[EXERCISE REQUIREMENTS]: Reproduce the records below exactly, but only between the lines holding "53.1221024484), (-18.1933473796, 49.53))" and "22.5886421747), (-7.2032388351, 21.9807736576))", inclusive.

[SUPPLIED DATA]:
*** Block opens ***
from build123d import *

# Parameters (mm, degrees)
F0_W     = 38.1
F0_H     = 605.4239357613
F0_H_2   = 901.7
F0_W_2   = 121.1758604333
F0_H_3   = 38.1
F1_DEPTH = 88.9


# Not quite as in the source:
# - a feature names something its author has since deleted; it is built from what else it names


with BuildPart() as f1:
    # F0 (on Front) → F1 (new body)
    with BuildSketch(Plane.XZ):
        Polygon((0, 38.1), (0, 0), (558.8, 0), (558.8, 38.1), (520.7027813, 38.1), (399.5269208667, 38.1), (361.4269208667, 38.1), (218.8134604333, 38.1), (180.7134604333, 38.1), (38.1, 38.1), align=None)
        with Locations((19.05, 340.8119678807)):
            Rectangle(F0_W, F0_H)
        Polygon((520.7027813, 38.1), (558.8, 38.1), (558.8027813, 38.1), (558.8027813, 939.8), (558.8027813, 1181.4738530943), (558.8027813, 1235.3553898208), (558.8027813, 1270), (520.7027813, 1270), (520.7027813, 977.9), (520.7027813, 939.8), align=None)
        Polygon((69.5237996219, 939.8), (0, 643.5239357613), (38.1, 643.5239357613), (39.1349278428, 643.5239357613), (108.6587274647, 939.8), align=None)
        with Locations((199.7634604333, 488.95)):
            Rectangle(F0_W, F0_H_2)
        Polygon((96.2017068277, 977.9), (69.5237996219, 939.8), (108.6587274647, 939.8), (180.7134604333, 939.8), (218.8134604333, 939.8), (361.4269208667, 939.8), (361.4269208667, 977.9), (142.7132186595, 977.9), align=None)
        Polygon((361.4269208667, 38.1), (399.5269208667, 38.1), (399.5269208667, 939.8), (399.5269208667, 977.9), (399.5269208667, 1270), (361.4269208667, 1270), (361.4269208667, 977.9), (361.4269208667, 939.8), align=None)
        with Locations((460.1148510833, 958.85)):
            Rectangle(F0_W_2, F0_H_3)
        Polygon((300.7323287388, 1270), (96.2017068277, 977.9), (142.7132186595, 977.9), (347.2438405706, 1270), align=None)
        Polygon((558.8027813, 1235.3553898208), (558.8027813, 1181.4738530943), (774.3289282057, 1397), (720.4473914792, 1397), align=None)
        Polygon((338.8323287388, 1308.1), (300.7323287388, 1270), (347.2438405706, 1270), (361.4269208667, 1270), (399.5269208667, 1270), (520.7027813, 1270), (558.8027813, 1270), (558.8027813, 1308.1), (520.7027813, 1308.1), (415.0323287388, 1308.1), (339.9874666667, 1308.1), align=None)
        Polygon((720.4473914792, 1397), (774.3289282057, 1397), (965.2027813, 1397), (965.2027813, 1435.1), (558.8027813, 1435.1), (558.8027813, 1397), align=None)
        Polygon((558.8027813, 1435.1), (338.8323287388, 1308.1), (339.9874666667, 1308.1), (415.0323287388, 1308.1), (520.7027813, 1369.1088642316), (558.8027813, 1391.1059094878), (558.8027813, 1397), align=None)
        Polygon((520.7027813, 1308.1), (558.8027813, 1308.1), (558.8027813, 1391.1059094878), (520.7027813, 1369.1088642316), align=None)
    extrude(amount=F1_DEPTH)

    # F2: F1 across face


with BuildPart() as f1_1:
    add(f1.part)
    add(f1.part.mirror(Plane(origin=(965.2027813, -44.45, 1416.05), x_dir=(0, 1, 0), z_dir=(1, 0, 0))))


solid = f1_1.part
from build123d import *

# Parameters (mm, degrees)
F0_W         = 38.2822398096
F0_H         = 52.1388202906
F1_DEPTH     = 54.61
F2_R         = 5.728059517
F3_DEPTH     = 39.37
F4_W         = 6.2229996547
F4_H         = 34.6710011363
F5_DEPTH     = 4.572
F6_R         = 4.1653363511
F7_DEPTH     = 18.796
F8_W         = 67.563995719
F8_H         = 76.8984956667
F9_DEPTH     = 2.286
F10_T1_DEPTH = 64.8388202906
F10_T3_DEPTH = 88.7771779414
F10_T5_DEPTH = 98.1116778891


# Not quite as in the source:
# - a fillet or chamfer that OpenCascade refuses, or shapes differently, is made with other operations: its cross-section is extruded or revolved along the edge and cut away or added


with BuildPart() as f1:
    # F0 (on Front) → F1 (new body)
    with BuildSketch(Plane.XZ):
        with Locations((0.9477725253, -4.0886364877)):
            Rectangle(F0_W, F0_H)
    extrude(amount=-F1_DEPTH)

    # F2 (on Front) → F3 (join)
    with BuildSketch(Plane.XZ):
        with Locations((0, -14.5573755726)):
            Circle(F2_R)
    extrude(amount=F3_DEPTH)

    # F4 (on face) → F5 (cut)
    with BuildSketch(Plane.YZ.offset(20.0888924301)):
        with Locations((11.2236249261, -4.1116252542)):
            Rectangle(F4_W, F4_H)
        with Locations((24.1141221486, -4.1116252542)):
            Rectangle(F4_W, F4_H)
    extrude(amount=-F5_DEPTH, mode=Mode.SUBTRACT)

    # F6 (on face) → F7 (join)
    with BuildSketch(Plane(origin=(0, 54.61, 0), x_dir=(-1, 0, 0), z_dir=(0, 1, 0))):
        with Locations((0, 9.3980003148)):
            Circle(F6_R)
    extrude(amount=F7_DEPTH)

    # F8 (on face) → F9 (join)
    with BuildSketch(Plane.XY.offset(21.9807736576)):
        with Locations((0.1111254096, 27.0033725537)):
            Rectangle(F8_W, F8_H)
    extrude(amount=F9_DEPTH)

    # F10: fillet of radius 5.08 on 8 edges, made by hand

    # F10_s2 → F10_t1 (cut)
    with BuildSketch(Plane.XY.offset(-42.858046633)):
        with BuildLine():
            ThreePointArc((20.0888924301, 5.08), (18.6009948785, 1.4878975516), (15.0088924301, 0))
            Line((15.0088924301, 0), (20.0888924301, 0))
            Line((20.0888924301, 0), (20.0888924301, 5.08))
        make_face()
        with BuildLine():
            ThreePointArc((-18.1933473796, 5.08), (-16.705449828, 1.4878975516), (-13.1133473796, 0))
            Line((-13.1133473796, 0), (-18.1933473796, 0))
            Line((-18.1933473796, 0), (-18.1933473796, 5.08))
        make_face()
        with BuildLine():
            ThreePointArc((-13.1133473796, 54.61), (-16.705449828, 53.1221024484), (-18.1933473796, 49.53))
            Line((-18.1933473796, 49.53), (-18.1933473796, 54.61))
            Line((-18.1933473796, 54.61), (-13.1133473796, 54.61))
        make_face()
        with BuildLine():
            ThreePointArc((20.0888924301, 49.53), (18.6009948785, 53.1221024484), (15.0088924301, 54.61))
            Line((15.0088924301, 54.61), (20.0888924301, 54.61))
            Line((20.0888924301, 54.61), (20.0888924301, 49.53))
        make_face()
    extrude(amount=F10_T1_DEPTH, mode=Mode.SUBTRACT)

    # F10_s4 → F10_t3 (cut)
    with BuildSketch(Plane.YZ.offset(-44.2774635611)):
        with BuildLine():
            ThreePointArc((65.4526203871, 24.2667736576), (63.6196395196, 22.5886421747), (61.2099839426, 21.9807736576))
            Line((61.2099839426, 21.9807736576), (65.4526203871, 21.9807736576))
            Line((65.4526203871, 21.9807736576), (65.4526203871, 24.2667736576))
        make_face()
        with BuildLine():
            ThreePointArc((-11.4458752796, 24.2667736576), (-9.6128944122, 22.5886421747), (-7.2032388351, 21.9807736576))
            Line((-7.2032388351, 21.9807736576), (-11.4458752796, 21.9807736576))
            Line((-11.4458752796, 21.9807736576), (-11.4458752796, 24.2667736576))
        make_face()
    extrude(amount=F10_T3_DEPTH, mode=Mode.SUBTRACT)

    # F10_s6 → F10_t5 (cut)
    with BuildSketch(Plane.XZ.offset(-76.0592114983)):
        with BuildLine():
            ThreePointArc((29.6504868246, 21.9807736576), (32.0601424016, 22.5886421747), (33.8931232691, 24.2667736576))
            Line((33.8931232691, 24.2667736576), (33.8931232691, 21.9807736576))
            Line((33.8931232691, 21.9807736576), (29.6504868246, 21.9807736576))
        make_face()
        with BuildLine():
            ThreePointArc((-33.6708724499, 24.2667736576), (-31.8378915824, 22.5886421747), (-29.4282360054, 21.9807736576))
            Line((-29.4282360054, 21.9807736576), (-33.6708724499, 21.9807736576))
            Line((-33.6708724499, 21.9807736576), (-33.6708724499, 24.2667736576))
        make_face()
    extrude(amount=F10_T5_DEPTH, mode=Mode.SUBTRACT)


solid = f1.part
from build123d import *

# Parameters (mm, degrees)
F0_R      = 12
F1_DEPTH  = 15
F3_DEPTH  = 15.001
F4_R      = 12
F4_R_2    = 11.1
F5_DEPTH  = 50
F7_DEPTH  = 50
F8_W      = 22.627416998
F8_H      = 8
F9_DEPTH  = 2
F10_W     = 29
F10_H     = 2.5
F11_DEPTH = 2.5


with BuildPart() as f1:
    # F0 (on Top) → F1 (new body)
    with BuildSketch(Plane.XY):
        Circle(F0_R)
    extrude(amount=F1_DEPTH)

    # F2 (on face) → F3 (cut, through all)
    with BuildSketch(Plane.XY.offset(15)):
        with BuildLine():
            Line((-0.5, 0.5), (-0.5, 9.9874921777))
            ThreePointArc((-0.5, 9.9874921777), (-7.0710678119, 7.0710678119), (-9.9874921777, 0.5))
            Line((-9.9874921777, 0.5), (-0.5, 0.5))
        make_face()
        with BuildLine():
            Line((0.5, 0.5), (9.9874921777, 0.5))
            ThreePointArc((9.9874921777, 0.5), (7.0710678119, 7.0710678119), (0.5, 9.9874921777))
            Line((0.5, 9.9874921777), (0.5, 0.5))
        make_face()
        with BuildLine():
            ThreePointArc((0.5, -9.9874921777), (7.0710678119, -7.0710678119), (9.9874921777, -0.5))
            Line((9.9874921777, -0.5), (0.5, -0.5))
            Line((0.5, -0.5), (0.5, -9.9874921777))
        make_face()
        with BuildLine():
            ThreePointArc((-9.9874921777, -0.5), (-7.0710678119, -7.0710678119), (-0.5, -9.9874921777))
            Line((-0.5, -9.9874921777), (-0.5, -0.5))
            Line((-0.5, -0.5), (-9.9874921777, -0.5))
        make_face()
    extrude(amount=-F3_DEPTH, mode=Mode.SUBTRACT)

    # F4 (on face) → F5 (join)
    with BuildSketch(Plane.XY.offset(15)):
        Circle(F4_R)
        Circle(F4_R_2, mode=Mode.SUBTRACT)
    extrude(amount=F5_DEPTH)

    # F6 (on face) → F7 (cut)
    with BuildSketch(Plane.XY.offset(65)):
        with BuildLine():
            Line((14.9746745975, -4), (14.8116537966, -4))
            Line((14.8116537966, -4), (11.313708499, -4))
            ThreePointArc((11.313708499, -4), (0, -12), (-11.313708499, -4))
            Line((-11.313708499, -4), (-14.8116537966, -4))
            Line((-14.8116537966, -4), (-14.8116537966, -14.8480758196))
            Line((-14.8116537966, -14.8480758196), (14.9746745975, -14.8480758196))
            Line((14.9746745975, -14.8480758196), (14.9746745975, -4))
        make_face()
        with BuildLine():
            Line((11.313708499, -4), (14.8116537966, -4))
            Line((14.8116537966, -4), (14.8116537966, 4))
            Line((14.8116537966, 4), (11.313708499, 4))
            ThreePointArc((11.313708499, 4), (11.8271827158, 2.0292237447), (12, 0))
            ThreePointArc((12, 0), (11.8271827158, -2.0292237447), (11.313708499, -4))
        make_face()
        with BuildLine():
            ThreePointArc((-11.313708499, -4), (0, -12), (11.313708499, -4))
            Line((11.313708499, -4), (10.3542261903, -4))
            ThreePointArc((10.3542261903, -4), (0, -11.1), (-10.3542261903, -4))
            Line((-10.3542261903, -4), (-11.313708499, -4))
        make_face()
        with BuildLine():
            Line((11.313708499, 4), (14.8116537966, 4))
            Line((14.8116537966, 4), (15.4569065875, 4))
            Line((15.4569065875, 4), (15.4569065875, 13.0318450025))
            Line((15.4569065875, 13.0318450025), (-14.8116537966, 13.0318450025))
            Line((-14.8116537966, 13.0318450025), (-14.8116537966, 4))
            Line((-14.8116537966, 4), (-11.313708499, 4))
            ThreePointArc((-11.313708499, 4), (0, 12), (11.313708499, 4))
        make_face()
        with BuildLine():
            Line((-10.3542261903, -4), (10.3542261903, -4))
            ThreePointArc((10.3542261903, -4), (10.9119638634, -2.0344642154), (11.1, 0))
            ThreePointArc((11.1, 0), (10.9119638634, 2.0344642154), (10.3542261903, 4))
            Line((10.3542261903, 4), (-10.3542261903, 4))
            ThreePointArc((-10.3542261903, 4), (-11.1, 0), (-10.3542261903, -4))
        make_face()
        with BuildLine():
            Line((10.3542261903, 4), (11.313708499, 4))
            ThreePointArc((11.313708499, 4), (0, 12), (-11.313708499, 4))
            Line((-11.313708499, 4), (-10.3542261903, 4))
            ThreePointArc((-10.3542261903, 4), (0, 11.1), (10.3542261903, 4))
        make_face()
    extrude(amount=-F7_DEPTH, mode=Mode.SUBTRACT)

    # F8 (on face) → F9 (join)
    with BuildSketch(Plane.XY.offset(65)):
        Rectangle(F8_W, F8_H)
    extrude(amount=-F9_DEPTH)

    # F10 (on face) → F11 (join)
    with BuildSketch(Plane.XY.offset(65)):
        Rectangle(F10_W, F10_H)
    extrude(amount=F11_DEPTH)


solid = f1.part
*** Block closes ***
[RESPONSE TO THIS TASK]:
            ThreePointArc((-13.1133473796, 54.61), (-16.705449828, 53.1221024484), (-18.1933473796, 49.53))
            Line((-18.1933473796, 49.53), (-18.1933473796, 54.61))
            Line((-18.1933473796, 54.61), (-13.1133473796, 54.61))
        make_face()
        with BuildLine():
            ThreePointArc((20.0888924301, 49.53), (18.6009948785, 53.1221024484), (15.0088924301, 54.61))
            Line((15.0088924301, 54.61), (20.0888924301, 54.61))
            Line((20.0888924301, 54.61), (20.0888924301, 49.53))
        make_face()
    extrude(amount=F10_T1_DEPTH, mode=Mode.SUBTRACT)

    # F10_s4 → F10_t3 (cut)
    with BuildSketch(Plane.YZ.offset(-44.2774635611)):
        with BuildLine():
            ThreePointArc((65.4526203871, 24.2667736576), (63.6196395196, 22.5886421747), (61.2099839426, 21.9807736576))
            Line((61.2099839426, 21.9807736576), (65.4526203871, 21.9807736576))
            Line((65.4526203871, 21.9807736576), (65.4526203871, 24.2667736576))
        make_face()
        with BuildLine():
            ThreePointArc((-11.4458752796, 24.2667736576), (-9.6128944122, 22.5886421747), (-7.2032388351, 21.9807736576))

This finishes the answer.